== What is being asked ==
I need the records below restated word for word, without their pictures.
+++++
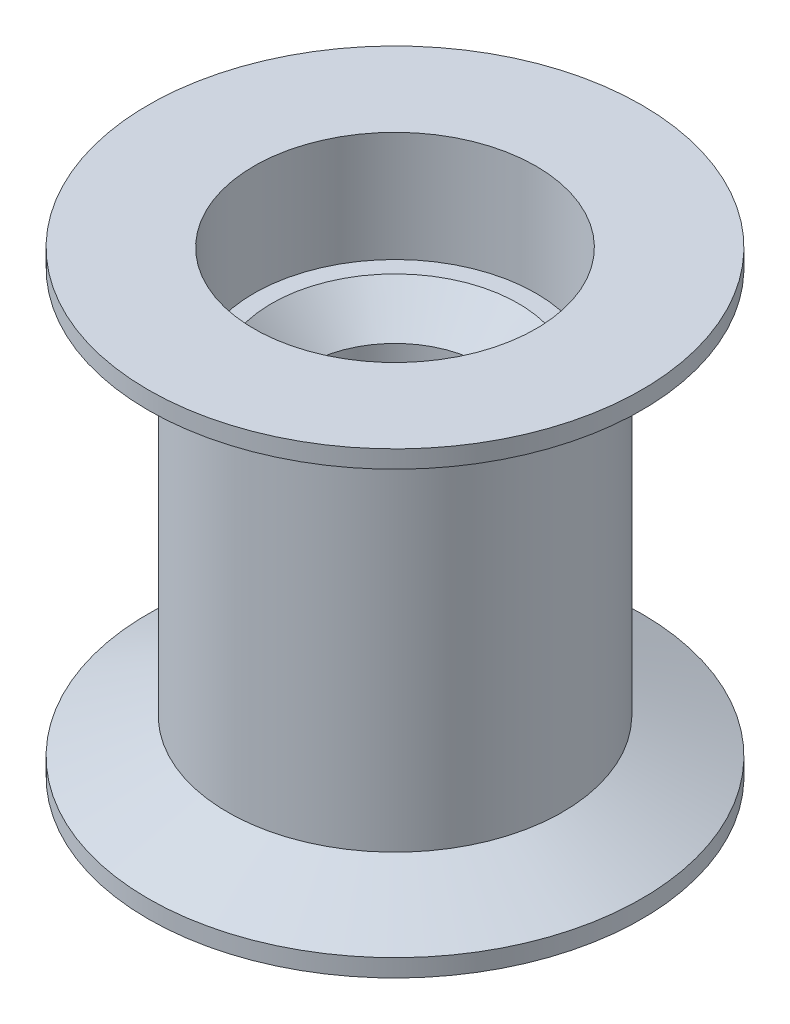
SolidWorks part; units mm, degrees
material "Markforged"
ref_plane "Front Plane" through (0, 0, 0) normal (0, 0, 1) x (1, 0, 0)
ref_plane "Top Plane" through (0, 0, 0) normal (0, 1, 0) x (1, 0, 0)
ref_plane "Right Plane" through (0, 0, 0) normal (1, 0, 0) x (0, 0, -1)
other "Bounding Box"
ref_plane "Default Plane" through (-8.9266, -12.7485, 0) normal (-0.1736, 0.9848, 0) x (0.9848, 0.1736, 0)
sketch "Sketch2" plane through (0, 0, 0) normal (1, 0, 0) x (0, 0, -1)
  line L0 (0, 0) -> (196218.8196, 0) construction
  line L1 (0, 0) -> (0, 196218.8196) construction
  line L2 (2.5, 0) -> (2.5, 3.375)
  line L3 (2.5, 3.375) -> (4, 3.375)
  line L4 (4, 3.375) -> (4, 6.5)
  line L5 (4, 6.5) -> (7, 6.5)
  line L6 (7, 6.5) -> (7, 6)
  line L7 (7, 6) -> (4.75, 5)
  line L8 (4.75, 5) -> (4.75, 0)
  line L9 (4.75, 0) -> (2.5, 0)
  dimension "D1" = 5
  dimension "D2" = 8
  dimension "D3" = 3.125
  dimension "D4" = 9.5
  dimension "D5" = 14
  dimension "D6" = 10
  dimension "D7" = 0.5
  dimension "D8" = 1.5
revolve "Revolve1" add sketch "Sketch2" angle 360 about L1
mirror "Mirror1" about plane through (0, 0, 0) normal (0, 1, 0) of "Revolve1"
chamfer "Chamfer1" distance 1 angle 45 2 edges at (0, -3.375, -2.5) (0, 3.375, -2.5)
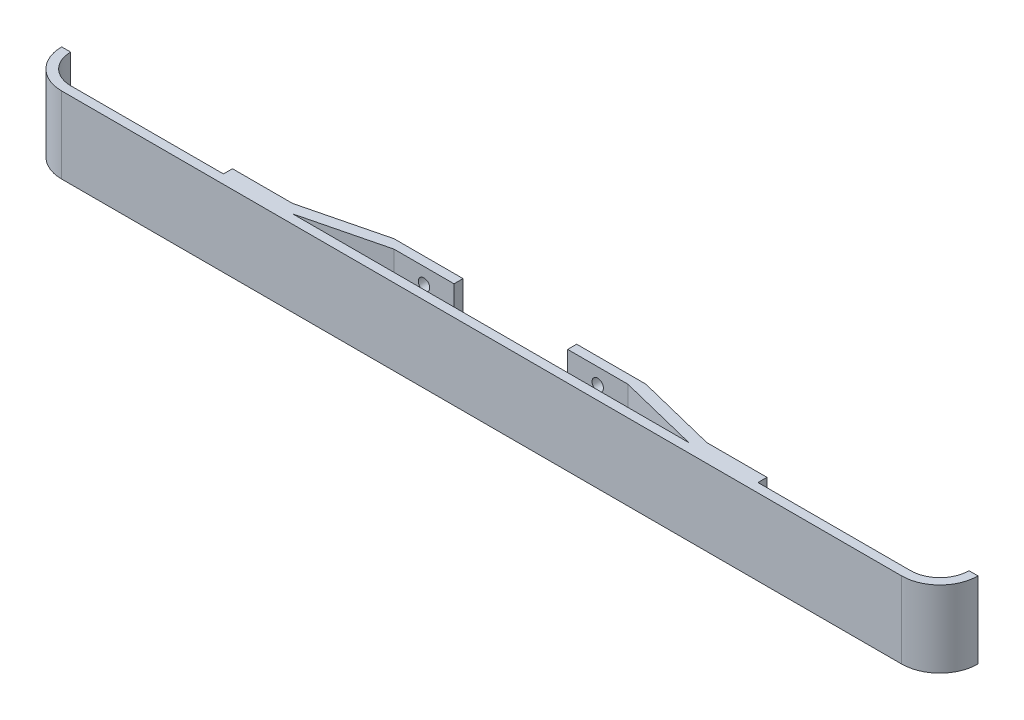
SolidWorks part; units mm, degrees
material "ABS"
ref_plane "Front Plane" through (0, 0, 0) normal (0, 0, 1) x (1, 0, 0)
ref_plane "Top Plane" through (0, 0, 0) normal (0, 1, 0) x (1, 0, 0)
ref_plane "Right Plane" through (0, 0, 0) normal (1, 0, 0) x (0, 0, -1)
sketch "Sketch1" plane through (0, 0, 0) normal (0, 0, 1) x (1, 0, 0)
  line L1 (-26.033, 10.5636) -> (278.767, 10.5636)
  line L2 (-26.033, 10.5636) -> (-26.033, -14.8364)
  line L3 (-26.033, -14.8364) -> (278.767, -14.8364)
  line L4 (278.767, 10.5636) -> (278.767, -14.8364)
  dimension "D1" = 25.4
  dimension "D2" = 304.8
extrude "Boss-Extrude2" add sketch "Sketch1" along normal blind 12.7 contours L1 L4 L3 L2
fillet "Fillet1" radius 12.7 2 edges at (-26.033, -2.1364, 12.7) (278.767, -2.1364, 12.7)
sketch "Sketch6" plane through (0, 10.5636, 0) normal (0, 1, 0) x (1, 0, 0)
  line L5 (-23.033, 0) -> (275.767, 0)
  line L6 (-13.333, -9.7) -> (266.067, -9.7)
  line L7 (-13.333, -9.7) -> (266.067, -9.7)
  arc A8 (266.067, -9.7) -> (275.767, 0) centre (266.067, 0) ccw
  arc A9 (-23.033, 0) -> (-13.333, -9.7) centre (-13.333, 0) ccw
  arc A10 (266.067, -9.7) -> (275.767, 0) centre (266.067, 0) ccw
  arc A11 (-23.033, 0) -> (-13.333, -9.7) centre (-13.333, 0) ccw
  dimension "D1" = 3
extrude "Cut-Extrude3" cut sketch "Sketch6" against normal through all
sketch "Sketch8" plane through (0, 0, 9.7) normal (0, 0, -1) x (-1, 0, 0)
  line L0 (13.333, 10.5636) -> (-266.067, 10.5636) construction
  line L1 (-145.267, 10.5636) -> (-215.267, 10.5636)
  line L2 (-145.267, 10.5636) -> (-145.267, -14.8364)
  line L3 (-145.267, -14.8364) -> (-215.267, -14.8364)
  line L4 (-215.267, 10.5636) -> (-215.267, -14.8364)
  line L5 (13.333, -14.8364) -> (-266.067, -14.8364) construction
  line L6 (-266.067, -14.8364) -> (-266.067, 10.5636) construction
  line L7 (-37.467, 10.5636) -> (-107.467, 10.5636)
  line L8 (-37.467, 10.5636) -> (-37.467, -14.8364)
  line L9 (-37.467, -14.8364) -> (-107.467, -14.8364)
  line L10 (-107.467, 10.5636) -> (-107.467, -14.8364)
  line L11 (13.333, -14.8364) -> (13.333, 10.5636) construction
  dimension "D1" = 50.8
  dimension "D2" = 70
  dimension "D3" = 50.8
  dimension "D4" = 70
extrude "Boss-Extrude3" add sketch "Sketch8" along normal blind 9.7
sketch "Sketch9" plane through (0, 10.5636, 0) normal (0, 1, 0) x (1, 0, 0)
  line L0 (145.267, -9.7) -> (165.267, -9.7)
  line L1 (165.267, -9.7) -> (192.267, -9.7)
  line L2 (192.267, -9.7) -> (165.267, -3)
  line L3 (165.267, -3) -> (145.267, -3)
  line L4 (145.267, 0) -> (145.267, -9.7) construction
  line L5 (145.267, -3) -> (145.267, -9.7)
  line L6 (145.267, 0) -> (215.267, 0) construction
  line L7 (215.267, -6.7) -> (195.267, -6.7)
  line L8 (215.267, 0) -> (215.267, -9.7) construction
  line L9 (195.267, -6.7) -> (168.267, 0)
  line L10 (168.267, 0) -> (215.267, 0)
  line L11 (215.267, 0) -> (215.267, -6.7)
  dimension "D1" = 3
  dimension "D2" = 20
  dimension "D3" = 27
  dimension "D4" = 20
  dimension "D5" = 20
  dimension "D6" = 3
  dimension "D7" = 47
extrude "Cut-Extrude4" cut sketch "Sketch9" against normal through all
sketch "Sketch12" plane through (0, 10.5636, 0) normal (0, 1, 0) x (1, 0, 0)
  line L0 (107.467, -9.7) -> (107.467, -3)
  line L1 (107.467, 0) -> (107.467, -9.7) construction
  line L2 (107.467, -3) -> (87.467, -3)
  line L3 (87.467, -3) -> (60.467, -9.7)
  line L4 (60.467, -9.7) -> (107.467, -9.7)
  line L11 (37.467, -6.7) -> (57.467, -6.7)
  line L12 (37.467, 0) -> (37.467, -9.7) construction
  line L13 (57.467, -6.7) -> (84.467, 0)
  line L14 (37.467, 0) -> (107.467, 0) construction
  line L15 (84.467, 0) -> (37.467, 0)
  line L16 (37.467, 0) -> (37.467, -6.7)
  dimension "D1" = 3
  dimension "D2" = 20
  dimension "D3" = 47
  dimension "D4" = 3
  dimension "D5" = 20
  dimension "D6" = 47
extrude "Cut-Extrude5" cut sketch "Sketch12" against normal through all
hole_wizard "#6 Clearance Hole1" positions "Sketch14" profile "Sketch15" hole size "#6" standard "ANSI Inch" end condition up to next
sketch "Sketch14" plane through (0, 0, 3) normal (0, 0, 1) x (1, 0, 0)
  line L1 (107.467, 10.5636) -> (87.467, 10.5636) construction
  line L2 (107.467, -14.8364) -> (107.467, 10.5636) construction
  point P0 (97.467, 5.3636)
  point P17 (155.267, 5.3636)
  point P18 (155.267, -9.6364)
  point P19 (97.467, -9.6364)
  dimension "D1" = 5.2
  dimension "D2" = 10
  dimension "D3" = 2
sketch "Sketch15" plane through (97.467, 5.3636, 3) normal (1, 0, 0) x (0, -1, 0)
  line L0 (0, 0) -> (0, 3)
  line L1 (0, 3) -> (1.8986, 3)
  line L2 (1.8986, 3) -> (1.8986, 0)
  line L5 (1.8986, 0) -> (0, 0)
  line L11 (0, -6.35) -> (0, 107.95) construction
  dimension "Thru Hole Dia." = 3.7973
  dimension "Thru Hole Depth" = 3
+++++
== Answer space ==
SolidWorks part; units mm, degrees
material "Markforged"
ref_plane "Front Plane" through (0, 0, 0) normal (0, 0, 1) x (1, 0, 0)
ref_plane "Top Plane" through (0, 0, 0) normal (0, 1, 0) x (1, 0, 0)
ref_plane "Right Plane" through (0, 0, 0) normal (1, 0, 0) x (0, 0, -1)
other "Bounding Box"
ref_plane "Default Plane" through (-8.9266, -12.7485, 0) normal (-0.1736, 0.9848, 0) x (0.9848, 0.1736, 0)
sketch "Sketch2" plane through (0, 0, 0) normal (1, 0, 0) x (0, 0, -1)
  line L0 (0, 0) -> (196218.8196, 0) construction
  line L1 (0, 0) -> (0, 196218.8196) construction
  line L2 (2.5, 0) -> (2.5, 3.375)
  line L3 (2.5, 3.375) -> (4, 3.375)
  line L4 (4, 3.375) -> (4, 6.5)
  line L5 (4, 6.5) -> (7, 6.5)
  line L6 (7, 6.5) -> (7, 6)
  line L7 (7, 6) -> (4.75, 5)
  line L8 (4.75, 5) -> (4.75, 0)
  line L9 (4.75, 0) -> (2.5, 0)
  dimension "D1" = 5
  dimension "D2" = 8
  dimension "D3" = 3.125
  dimension "D4" = 9.5
  dimension "D5" = 14
  dimension "D6" = 10
  dimension "D7" = 0.5
  dimension "D8" = 1.5
revolve "Revolve1" add sketch "Sketch2" angle 360 about L1
mirror "Mirror1" about plane through (0, 0, 0) normal (0, 1, 0) of "Revolve1"
chamfer "Chamfer1" distance 1 angle 45 2 edges at (0, -3.375, -2.5) (0, 3.375, -2.5)
SolidWorks part; units mm, degrees
material "ABS"
ref_plane "Front Plane" through (0, 0, 0) normal (0, 0, 1) x (1, 0, 0)
ref_plane "Top Plane" through (0, 0, 0) normal (0, 1, 0) x (1, 0, 0)
ref_plane "Right Plane" through (0, 0, 0) normal (1, 0, 0) x (0, 0, -1)
sketch "Sketch1" plane through (0, 0, 0) normal (0, 0, 1) x (1, 0, 0)
  line L1 (-26.033, 10.5636) -> (278.767, 10.5636)
  line L2 (-26.033, 10.5636) -> (-26.033, -14.8364)
  line L3 (-26.033, -14.8364) -> (278.767, -14.8364)
  line L4 (278.767, 10.5636) -> (278.767, -14.8364)
  dimension "D1" = 25.4
  dimension "D2" = 304.8
extrude "Boss-Extrude2" add sketch "Sketch1" along normal blind 12.7 contours L1 L4 L3 L2
fillet "Fillet1" radius 12.7 2 edges at (-26.033, -2.1364, 12.7) (278.767, -2.1364, 12.7)
sketch "Sketch6" plane through (0, 10.5636, 0) normal (0, 1, 0) x (1, 0, 0)
  line L5 (-23.033, 0) -> (275.767, 0)
  line L6 (-13.333, -9.7) -> (266.067, -9.7)
  line L7 (-13.333, -9.7) -> (266.067, -9.7)
  arc A8 (266.067, -9.7) -> (275.767, 0) centre (266.067, 0) ccw
  arc A9 (-23.033, 0) -> (-13.333, -9.7) centre (-13.333, 0) ccw
  arc A10 (266.067, -9.7) -> (275.767, 0) centre (266.067, 0) ccw
  arc A11 (-23.033, 0) -> (-13.333, -9.7) centre (-13.333, 0) ccw
  dimension "D1" = 3
extrude "Cut-Extrude3" cut sketch "Sketch6" against normal through all
sketch "Sketch8" plane through (0, 0, 9.7) normal (0, 0, -1) x (-1, 0, 0)
  line L0 (13.333, 10.5636) -> (-266.067, 10.5636) construction
  line L1 (-145.267, 10.5636) -> (-215.267, 10.5636)
  line L2 (-145.267, 10.5636) -> (-145.267, -14.8364)
  line L3 (-145.267, -14.8364) -> (-215.267, -14.8364)
  line L4 (-215.267, 10.5636) -> (-215.267, -14.8364)
  line L5 (13.333, -14.8364) -> (-266.067, -14.8364) construction
  line L6 (-266.067, -14.8364) -> (-266.067, 10.5636) construction
  line L7 (-37.467, 10.5636) -> (-107.467, 10.5636)
  line L8 (-37.467, 10.5636) -> (-37.467, -14.8364)
  line L9 (-37.467, -14.8364) -> (-107.467, -14.8364)
  line L10 (-107.467, 10.5636) -> (-107.467, -14.8364)
  line L11 (13.333, -14.8364) -> (13.333, 10.5636) construction
  dimension "D1" = 50.8
  dimension "D2" = 70
  dimension "D3" = 50.8
  dimension "D4" = 70
extrude "Boss-Extrude3" add sketch "Sketch8" along normal blind 9.7
sketch "Sketch9" plane through (0, 10.5636, 0) normal (0, 1, 0) x (1, 0, 0)
  line L0 (145.267, -9.7) -> (165.267, -9.7)
  line L1 (165.267, -9.7) -> (192.267, -9.7)
  line L2 (192.267, -9.7) -> (165.267, -3)
  line L3 (165.267, -3) -> (145.267, -3)
  line L4 (145.267, 0) -> (145.267, -9.7) construction
  line L5 (145.267, -3) -> (145.267, -9.7)
  line L6 (145.267, 0) -> (215.267, 0) construction
  line L7 (215.267, -6.7) -> (195.267, -6.7)
  line L8 (215.267, 0) -> (215.267, -9.7) construction
  line L9 (195.267, -6.7) -> (168.267, 0)
  line L10 (168.267, 0) -> (215.267, 0)
  line L11 (215.267, 0) -> (215.267, -6.7)
  dimension "D1" = 3
  dimension "D2" = 20
  dimension "D3" = 27
  dimension "D4" = 20
  dimension "D5" = 20
  dimension "D6" = 3
  dimension "D7" = 47
extrude "Cut-Extrude4" cut sketch "Sketch9" against normal through all
sketch "Sketch12" plane through (0, 10.5636, 0) normal (0, 1, 0) x (1, 0, 0)
  line L0 (107.467, -9.7) -> (107.467, -3)
  line L1 (107.467, 0) -> (107.467, -9.7) construction
  line L2 (107.467, -3) -> (87.467, -3)
  line L3 (87.467, -3) -> (60.467, -9.7)
  line L4 (60.467, -9.7) -> (107.467, -9.7)
  line L11 (37.467, -6.7) -> (57.467, -6.7)
  line L12 (37.467, 0) -> (37.467, -9.7) construction
  line L13 (57.467, -6.7) -> (84.467, 0)
  line L14 (37.467, 0) -> (107.467, 0) construction
  line L15 (84.467, 0) -> (37.467, 0)
  line L16 (37.467, 0) -> (37.467, -6.7)
  dimension "D1" = 3
  dimension "D2" = 20
  dimension "D3" = 47
  dimension "D4" = 3
  dimension "D5" = 20
  dimension "D6" = 47
extrude "Cut-Extrude5" cut sketch "Sketch12" against normal through all
hole_wizard "#6 Clearance Hole1" positions "Sketch14" profile "Sketch15" hole size "#6" standard "ANSI Inch" end condition up to next
sketch "Sketch14" plane through (0, 0, 3) normal (0, 0, 1) x (1, 0, 0)
  line L1 (107.467, 10.5636) -> (87.467, 10.5636) construction
  line L2 (107.467, -14.8364) -> (107.467, 10.5636) construction
  point P0 (97.467, 5.3636)
  point P17 (155.267, 5.3636)
  point P18 (155.267, -9.6364)
  point P19 (97.467, -9.6364)
  dimension "D1" = 5.2
  dimension "D2" = 10
  dimension "D3" = 2
sketch "Sketch15" plane through (97.467, 5.3636, 3) normal (1, 0, 0) x (0, -1, 0)
  line L0 (0, 0) -> (0, 3)
  line L1 (0, 3) -> (1.8986, 3)
  line L2 (1.8986, 3) -> (1.8986, 0)
  line L5 (1.8986, 0) -> (0, 0)
  line L11 (0, -6.35) -> (0, 107.95) construction
  dimension "Thru Hole Dia." = 3.7973
  dimension "Thru Hole Depth" = 3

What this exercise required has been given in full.